Assim, entendemos que o contrato que gerar uma prestação e/ou uma cominação que resulte em redução substancial do padrão de vida e subsistência do produtor ou da sua família, ou inviabilize que ele possa formar a próxima lavoura/plantel e continuar na atividade, será abusivo. 

Assim, na ocorrência de fato natural, cujos efeitos sobre a lavoura/plantel não foi possível ao produtor evitar ou impedir, e desde que tenha agido com zelo e dedicação razoáveis:

  • o credor poderá exigir o pagamento da prestação devida, no prazo avençado, somente se houver cláusula expressa, literal, objetiva de responsabilização do produtor quanto a caso fortuito e força maior;
  • ainda que aquela cláusula conste no contrato, o montante da prestação, se integral ou parcial, ficará subordinado à confirmação de estarem disponíveis ao produtor meios dignos de manutenção, e condições adequadas para formar a próxima lavoura/plantel;
  • cominações, prejuízos, perdas e danos e similares também ficarão subordinadas à existência de cláusula própria, literal, clara a respeito, e só incidirão se o produtor não cumprir com a obrigação, ainda que alongada.

Também dizemos que os contratos com os produtores rurais não são aleatórios de forma absoluta, mas de forma relativa, devendo ser observado se as circunstâncias e expectativas das partes, vigentes quando assinado o contrato, destoam pouco ou muito da realidade verificada por ocasião da exigência da prestação, pois:

  • as partes que os pactuam têm consciência das probabilidades de ocorrência de perdas em lavouras ou plantéis, por conta de eventos naturais;
  • nas suas circunstâncias e por razões próprias, fizeram de forma tácita uma projeção conjunta de razoável possibilidade de obtenção do pactuado, estabelecendo informalmente uma simetria de entendimentos, que será desequilibrada na ocorrência de um caso fortuito ou de força maior em dimensão não considerada pelas partes na formação das suas expectativas, e com maior ou menor efeito sobre a execução do contrato conforme a situação financeira do produtor.

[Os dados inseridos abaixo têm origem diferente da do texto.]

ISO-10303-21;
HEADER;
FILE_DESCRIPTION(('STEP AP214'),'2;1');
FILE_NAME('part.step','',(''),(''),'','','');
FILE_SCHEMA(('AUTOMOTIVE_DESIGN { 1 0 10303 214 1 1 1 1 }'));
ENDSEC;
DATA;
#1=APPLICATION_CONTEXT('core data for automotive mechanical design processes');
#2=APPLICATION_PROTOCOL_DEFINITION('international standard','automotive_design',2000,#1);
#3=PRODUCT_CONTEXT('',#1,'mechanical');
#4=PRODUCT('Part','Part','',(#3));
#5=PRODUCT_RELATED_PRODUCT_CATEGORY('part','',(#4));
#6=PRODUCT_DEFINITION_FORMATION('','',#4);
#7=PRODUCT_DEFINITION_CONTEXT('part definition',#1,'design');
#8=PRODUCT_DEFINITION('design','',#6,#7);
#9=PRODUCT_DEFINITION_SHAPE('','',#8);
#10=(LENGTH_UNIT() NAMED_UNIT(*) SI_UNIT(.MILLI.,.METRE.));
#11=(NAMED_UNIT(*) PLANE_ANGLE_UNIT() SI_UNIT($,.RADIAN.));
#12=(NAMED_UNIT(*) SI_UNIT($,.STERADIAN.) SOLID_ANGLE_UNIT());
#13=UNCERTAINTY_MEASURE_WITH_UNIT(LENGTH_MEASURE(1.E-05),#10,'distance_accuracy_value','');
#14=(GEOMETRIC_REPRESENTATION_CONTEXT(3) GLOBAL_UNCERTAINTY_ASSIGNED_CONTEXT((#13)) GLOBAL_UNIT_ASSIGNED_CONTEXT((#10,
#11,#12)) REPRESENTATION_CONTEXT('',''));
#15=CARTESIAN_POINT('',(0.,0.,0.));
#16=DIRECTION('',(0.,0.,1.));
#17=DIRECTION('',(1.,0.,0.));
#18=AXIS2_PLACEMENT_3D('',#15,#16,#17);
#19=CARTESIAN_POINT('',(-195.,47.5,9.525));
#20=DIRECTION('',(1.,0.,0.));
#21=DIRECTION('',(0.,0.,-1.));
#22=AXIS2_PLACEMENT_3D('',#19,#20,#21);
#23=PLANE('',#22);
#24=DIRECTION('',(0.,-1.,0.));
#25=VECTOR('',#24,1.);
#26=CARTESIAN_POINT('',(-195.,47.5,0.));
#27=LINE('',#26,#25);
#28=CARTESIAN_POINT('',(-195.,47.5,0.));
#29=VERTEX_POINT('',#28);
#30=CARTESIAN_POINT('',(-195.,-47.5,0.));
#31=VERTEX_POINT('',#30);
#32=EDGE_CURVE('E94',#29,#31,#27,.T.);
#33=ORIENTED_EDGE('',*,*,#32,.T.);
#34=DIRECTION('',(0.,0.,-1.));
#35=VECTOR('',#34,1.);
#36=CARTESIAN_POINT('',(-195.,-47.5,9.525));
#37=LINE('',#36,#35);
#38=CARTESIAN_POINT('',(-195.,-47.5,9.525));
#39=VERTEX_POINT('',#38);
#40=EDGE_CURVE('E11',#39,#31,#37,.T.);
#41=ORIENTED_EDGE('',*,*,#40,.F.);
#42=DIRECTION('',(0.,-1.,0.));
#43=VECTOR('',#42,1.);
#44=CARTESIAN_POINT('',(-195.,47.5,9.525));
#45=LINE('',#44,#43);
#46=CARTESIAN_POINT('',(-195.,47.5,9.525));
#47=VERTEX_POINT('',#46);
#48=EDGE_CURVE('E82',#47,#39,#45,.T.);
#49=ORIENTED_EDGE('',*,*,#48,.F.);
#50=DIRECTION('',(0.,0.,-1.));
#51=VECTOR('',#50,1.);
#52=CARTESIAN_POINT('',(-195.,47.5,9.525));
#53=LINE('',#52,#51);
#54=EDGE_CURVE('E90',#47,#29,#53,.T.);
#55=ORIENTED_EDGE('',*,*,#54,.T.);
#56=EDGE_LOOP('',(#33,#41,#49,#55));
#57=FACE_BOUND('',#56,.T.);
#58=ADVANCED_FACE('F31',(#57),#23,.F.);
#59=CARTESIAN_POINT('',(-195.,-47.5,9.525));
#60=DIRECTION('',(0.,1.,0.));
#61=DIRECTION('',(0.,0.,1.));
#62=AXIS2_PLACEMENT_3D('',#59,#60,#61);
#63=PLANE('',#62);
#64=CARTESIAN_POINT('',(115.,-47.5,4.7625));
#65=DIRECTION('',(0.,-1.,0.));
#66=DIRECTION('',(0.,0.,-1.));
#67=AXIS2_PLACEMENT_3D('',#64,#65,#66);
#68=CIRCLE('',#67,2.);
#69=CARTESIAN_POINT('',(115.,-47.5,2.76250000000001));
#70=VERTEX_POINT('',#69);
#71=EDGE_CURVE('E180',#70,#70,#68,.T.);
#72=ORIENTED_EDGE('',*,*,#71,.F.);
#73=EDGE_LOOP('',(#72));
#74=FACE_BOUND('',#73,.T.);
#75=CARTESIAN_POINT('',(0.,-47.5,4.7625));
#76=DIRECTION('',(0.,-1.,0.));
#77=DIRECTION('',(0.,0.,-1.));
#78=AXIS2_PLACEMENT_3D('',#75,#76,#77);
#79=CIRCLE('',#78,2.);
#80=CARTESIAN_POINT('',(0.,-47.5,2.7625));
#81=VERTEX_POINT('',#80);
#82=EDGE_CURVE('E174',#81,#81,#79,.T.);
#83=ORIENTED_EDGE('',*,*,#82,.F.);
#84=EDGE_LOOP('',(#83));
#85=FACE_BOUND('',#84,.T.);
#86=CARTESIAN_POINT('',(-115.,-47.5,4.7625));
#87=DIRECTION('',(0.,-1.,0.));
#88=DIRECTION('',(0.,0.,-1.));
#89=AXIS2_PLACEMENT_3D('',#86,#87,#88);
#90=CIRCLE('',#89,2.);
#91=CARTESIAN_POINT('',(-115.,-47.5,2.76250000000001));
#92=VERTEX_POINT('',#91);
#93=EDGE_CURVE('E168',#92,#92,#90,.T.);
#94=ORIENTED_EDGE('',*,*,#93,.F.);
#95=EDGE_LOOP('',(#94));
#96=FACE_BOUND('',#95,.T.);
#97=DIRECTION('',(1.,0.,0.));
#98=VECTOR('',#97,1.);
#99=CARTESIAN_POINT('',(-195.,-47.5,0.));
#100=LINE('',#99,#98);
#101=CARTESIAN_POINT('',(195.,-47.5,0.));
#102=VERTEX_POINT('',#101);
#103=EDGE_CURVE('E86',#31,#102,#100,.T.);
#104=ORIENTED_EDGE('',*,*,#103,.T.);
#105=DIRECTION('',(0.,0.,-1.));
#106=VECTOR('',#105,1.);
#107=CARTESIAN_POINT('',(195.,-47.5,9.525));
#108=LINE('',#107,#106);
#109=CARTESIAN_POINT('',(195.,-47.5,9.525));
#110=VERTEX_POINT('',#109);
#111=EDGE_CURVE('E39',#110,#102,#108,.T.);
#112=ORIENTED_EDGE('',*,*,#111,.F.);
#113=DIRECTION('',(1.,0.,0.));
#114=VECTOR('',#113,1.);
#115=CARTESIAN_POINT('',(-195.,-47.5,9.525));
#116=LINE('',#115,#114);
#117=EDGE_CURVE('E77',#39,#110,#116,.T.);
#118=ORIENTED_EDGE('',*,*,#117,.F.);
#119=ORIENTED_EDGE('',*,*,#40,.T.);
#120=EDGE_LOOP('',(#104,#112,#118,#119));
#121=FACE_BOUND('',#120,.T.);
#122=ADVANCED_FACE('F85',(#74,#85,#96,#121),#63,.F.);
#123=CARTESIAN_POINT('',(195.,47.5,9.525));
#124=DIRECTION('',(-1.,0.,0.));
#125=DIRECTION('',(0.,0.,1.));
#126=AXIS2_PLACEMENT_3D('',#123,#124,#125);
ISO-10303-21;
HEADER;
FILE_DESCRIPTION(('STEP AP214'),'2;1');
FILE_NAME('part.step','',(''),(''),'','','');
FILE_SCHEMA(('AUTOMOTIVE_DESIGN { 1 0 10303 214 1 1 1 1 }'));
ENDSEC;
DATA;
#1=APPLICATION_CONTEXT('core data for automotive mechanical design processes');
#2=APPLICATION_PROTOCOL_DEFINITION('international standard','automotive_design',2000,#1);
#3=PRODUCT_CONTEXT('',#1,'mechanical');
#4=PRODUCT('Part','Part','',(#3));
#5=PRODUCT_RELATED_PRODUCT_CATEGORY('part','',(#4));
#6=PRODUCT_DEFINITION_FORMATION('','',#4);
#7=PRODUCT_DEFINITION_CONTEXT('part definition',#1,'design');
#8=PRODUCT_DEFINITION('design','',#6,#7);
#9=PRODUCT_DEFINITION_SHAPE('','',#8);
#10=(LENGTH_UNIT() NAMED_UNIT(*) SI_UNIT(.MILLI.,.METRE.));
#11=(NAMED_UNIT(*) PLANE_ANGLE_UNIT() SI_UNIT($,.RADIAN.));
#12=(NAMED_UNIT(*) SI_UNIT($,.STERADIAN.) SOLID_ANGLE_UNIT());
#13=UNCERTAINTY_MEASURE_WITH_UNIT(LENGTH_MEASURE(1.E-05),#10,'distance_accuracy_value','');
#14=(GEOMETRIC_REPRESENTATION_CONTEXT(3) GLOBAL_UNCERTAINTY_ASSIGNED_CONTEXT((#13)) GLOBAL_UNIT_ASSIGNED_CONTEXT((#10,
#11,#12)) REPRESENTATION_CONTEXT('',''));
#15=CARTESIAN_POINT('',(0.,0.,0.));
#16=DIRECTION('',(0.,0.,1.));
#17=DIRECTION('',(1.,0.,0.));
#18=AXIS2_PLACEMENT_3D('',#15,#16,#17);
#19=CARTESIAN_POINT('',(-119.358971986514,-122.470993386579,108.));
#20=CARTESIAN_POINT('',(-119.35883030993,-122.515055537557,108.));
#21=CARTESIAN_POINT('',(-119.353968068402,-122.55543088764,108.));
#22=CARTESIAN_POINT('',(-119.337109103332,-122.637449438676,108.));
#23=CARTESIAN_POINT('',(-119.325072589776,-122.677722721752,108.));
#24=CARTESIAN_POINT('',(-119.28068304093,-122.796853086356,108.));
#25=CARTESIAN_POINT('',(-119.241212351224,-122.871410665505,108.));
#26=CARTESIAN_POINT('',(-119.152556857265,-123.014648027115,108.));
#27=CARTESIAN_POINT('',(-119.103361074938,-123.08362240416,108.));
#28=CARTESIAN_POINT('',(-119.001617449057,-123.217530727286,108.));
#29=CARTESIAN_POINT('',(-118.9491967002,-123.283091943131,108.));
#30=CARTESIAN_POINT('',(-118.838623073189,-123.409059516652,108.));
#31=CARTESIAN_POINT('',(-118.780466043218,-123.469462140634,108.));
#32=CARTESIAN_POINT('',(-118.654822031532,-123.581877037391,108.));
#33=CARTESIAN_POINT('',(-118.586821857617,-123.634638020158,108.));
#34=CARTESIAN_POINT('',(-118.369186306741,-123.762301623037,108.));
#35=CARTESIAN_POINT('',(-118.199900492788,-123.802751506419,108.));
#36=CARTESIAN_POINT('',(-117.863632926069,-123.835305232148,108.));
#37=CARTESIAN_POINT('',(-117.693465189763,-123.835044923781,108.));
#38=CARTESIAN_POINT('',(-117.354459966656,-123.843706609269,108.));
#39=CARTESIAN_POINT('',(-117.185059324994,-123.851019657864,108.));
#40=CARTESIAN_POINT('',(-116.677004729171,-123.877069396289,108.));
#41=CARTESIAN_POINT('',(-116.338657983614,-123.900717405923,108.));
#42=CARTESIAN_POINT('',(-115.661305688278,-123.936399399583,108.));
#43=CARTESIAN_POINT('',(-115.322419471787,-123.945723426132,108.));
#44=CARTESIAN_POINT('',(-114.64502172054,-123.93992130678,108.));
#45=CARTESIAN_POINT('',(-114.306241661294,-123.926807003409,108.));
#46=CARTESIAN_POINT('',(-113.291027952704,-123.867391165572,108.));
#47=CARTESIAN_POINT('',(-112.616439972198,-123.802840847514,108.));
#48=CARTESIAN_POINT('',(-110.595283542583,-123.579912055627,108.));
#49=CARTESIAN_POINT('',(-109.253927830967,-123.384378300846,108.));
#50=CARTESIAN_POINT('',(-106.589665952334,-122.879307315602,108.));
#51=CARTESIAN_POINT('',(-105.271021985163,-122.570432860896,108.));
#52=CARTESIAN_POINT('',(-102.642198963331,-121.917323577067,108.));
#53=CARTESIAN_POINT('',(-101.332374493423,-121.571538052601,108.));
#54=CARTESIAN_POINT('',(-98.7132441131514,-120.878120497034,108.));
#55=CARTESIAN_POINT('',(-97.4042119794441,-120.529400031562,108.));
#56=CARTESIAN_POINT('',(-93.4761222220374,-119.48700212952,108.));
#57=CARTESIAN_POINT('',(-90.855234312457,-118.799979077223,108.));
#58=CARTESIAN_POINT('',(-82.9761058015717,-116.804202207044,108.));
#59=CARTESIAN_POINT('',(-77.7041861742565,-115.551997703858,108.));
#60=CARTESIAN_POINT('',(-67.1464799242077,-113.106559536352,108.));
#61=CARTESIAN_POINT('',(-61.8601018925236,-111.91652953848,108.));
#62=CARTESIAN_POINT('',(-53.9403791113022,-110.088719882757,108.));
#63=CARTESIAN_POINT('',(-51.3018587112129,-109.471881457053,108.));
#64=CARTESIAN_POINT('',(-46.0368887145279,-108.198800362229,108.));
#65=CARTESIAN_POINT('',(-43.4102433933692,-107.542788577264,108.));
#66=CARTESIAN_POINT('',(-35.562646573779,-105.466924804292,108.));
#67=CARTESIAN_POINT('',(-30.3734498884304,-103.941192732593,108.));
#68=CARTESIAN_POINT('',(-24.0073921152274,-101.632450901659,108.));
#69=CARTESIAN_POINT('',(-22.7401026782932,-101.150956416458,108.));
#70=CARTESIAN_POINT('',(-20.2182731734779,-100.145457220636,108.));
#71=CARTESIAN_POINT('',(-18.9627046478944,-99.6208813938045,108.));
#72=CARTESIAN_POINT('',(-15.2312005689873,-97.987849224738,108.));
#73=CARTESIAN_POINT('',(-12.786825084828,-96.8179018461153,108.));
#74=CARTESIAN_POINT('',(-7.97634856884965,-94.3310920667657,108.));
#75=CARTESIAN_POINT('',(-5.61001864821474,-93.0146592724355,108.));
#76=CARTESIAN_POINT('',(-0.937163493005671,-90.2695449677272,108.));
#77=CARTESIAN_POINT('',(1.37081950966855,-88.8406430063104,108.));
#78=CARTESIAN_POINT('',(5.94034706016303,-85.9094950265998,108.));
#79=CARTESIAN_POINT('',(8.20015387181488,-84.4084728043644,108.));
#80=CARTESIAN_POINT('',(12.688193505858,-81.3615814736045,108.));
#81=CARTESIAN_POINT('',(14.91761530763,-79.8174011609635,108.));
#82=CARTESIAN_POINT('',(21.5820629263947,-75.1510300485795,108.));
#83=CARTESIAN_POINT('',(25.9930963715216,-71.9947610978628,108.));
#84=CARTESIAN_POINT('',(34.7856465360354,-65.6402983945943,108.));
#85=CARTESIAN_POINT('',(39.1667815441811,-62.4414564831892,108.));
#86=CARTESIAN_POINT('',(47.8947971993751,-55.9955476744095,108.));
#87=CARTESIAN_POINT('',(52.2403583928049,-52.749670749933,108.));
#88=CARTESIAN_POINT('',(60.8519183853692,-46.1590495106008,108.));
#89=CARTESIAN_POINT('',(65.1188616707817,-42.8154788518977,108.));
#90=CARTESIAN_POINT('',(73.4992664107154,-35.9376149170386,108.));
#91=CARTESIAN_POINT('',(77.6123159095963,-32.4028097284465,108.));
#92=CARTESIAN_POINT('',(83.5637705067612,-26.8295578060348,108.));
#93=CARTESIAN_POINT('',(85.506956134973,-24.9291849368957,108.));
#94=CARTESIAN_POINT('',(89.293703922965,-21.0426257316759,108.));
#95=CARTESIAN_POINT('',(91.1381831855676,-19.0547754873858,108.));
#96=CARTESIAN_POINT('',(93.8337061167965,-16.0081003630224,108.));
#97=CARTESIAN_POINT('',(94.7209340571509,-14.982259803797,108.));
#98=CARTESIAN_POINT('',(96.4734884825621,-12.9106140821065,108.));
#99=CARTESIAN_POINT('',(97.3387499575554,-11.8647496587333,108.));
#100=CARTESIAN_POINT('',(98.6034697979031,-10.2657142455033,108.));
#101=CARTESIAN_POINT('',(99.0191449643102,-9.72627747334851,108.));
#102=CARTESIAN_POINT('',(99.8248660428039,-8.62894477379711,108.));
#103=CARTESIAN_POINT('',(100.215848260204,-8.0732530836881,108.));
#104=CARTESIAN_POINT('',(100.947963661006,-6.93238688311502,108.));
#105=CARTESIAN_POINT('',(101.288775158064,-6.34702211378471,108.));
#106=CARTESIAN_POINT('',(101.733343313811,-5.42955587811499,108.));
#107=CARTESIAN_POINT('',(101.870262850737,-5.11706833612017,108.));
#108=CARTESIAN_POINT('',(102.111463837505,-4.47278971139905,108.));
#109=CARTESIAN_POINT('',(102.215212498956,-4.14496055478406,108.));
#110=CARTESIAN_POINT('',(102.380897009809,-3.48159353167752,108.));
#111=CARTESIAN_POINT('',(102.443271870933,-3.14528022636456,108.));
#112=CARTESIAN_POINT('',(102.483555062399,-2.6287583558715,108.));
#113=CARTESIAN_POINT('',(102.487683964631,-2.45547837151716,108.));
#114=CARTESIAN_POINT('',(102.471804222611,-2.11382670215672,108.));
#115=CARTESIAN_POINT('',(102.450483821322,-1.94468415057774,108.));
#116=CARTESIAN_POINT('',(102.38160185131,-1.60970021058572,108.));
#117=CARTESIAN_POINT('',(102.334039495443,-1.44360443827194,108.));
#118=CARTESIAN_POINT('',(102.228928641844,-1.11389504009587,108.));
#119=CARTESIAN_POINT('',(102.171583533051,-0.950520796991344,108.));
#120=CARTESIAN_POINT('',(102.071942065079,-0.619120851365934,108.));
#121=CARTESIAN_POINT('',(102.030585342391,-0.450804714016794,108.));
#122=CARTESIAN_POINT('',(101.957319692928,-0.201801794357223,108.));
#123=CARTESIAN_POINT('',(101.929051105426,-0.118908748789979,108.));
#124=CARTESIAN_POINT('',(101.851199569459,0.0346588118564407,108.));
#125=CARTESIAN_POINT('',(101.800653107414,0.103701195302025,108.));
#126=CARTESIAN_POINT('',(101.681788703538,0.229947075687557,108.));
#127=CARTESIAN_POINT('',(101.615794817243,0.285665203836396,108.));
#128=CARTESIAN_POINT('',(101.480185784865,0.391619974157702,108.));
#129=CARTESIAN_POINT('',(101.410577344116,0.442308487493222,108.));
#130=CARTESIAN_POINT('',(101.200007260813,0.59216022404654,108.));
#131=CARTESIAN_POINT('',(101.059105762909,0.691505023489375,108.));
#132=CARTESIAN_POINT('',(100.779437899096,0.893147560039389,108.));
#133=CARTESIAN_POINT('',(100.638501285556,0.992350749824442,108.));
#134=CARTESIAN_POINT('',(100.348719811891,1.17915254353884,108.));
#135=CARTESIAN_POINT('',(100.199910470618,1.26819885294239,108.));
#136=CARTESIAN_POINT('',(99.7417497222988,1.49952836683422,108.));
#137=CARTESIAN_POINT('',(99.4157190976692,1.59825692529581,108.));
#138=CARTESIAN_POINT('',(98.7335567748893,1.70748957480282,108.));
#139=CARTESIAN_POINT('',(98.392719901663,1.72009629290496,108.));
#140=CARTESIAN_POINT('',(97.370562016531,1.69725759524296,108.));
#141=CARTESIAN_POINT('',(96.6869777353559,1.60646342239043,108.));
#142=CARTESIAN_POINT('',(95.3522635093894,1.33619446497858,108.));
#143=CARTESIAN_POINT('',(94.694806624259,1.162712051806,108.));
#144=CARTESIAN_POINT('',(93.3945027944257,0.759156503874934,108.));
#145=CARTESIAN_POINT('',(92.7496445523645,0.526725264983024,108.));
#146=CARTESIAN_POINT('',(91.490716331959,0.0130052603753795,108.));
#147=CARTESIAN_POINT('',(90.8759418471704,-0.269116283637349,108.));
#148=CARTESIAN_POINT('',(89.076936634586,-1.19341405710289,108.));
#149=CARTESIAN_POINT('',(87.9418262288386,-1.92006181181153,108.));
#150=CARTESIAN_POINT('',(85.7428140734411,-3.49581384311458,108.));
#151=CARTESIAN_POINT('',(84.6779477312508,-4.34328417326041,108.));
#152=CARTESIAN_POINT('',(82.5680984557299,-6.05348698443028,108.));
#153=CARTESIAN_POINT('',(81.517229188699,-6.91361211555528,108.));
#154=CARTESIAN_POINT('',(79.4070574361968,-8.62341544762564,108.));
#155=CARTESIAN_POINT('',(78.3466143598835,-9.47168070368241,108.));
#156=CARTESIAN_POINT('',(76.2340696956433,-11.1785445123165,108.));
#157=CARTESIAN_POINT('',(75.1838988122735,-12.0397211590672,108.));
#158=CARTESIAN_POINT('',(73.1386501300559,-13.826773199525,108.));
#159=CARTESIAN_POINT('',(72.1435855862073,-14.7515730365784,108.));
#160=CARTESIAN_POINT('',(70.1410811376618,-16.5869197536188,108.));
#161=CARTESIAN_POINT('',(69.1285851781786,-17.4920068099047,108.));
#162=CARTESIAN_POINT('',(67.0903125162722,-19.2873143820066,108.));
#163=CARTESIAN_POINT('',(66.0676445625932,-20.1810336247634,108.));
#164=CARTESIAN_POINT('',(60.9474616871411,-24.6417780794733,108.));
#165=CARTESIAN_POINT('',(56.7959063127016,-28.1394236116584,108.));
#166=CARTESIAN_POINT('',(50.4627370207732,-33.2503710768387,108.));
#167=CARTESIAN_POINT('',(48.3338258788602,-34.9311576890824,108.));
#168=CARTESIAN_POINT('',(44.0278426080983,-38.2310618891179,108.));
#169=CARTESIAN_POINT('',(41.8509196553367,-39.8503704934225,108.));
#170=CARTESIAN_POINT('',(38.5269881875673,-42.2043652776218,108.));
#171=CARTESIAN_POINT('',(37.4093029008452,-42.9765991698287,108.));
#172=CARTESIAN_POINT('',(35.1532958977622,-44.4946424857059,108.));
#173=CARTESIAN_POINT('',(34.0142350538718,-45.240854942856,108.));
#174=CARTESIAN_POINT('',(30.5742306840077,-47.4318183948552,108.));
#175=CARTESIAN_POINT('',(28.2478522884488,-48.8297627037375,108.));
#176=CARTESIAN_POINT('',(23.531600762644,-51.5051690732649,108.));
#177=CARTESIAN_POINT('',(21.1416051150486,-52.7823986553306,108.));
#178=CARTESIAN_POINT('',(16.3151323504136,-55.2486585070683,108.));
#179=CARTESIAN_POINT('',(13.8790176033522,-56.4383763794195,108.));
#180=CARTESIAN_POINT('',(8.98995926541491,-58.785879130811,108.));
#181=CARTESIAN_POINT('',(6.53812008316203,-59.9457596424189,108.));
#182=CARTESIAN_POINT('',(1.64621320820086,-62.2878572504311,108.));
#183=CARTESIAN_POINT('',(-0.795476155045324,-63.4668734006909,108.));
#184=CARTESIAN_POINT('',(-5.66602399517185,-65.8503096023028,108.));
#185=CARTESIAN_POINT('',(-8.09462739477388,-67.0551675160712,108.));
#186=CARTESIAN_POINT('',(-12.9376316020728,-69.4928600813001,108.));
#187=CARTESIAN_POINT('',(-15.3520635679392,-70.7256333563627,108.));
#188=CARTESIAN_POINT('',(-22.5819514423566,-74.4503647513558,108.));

É mais do que Ortega y Gasset disse sobre o homem ser “o homem e a sua circunstância”: o contrato também é “o contrato e sua circunstância”, a atividade produtiva é “a atividade produtiva e sua circunstância”, as expectativas das partes também são “as expectativas das partes e sua circunstância”.

Possibilidade de caracterização de incidentes de mercado como justificadores da revisão contratual

Na parte final do ano-safra 2020/2021, alguns produtores pretenderam obter repactuações ou exonerações contratuais, alegando expressiva valorização de preço da soja, após a formalização do contrato e definição da relação de troca produto/insumos.

Acompanhamos o entendimento dos juristas que consideram ser inadmissível tal postulação, uma vez que quando da formalização do contrato, o produtor estava satisfeito, em tese, com o preço do produto e/ou a relação de troca por insumos.

Dizemos “satisfação, em tese” por ser o mercado de “barter” tão ou mais concentrado que o de crédito rural, sendo que neste atuam fortemente bancos públicos, e há supervisão pelo Banco Central e regulação pelo BCB e pelo Conselho Monetário Nacional, e naquele vigora a “liberdade para pactuar”. 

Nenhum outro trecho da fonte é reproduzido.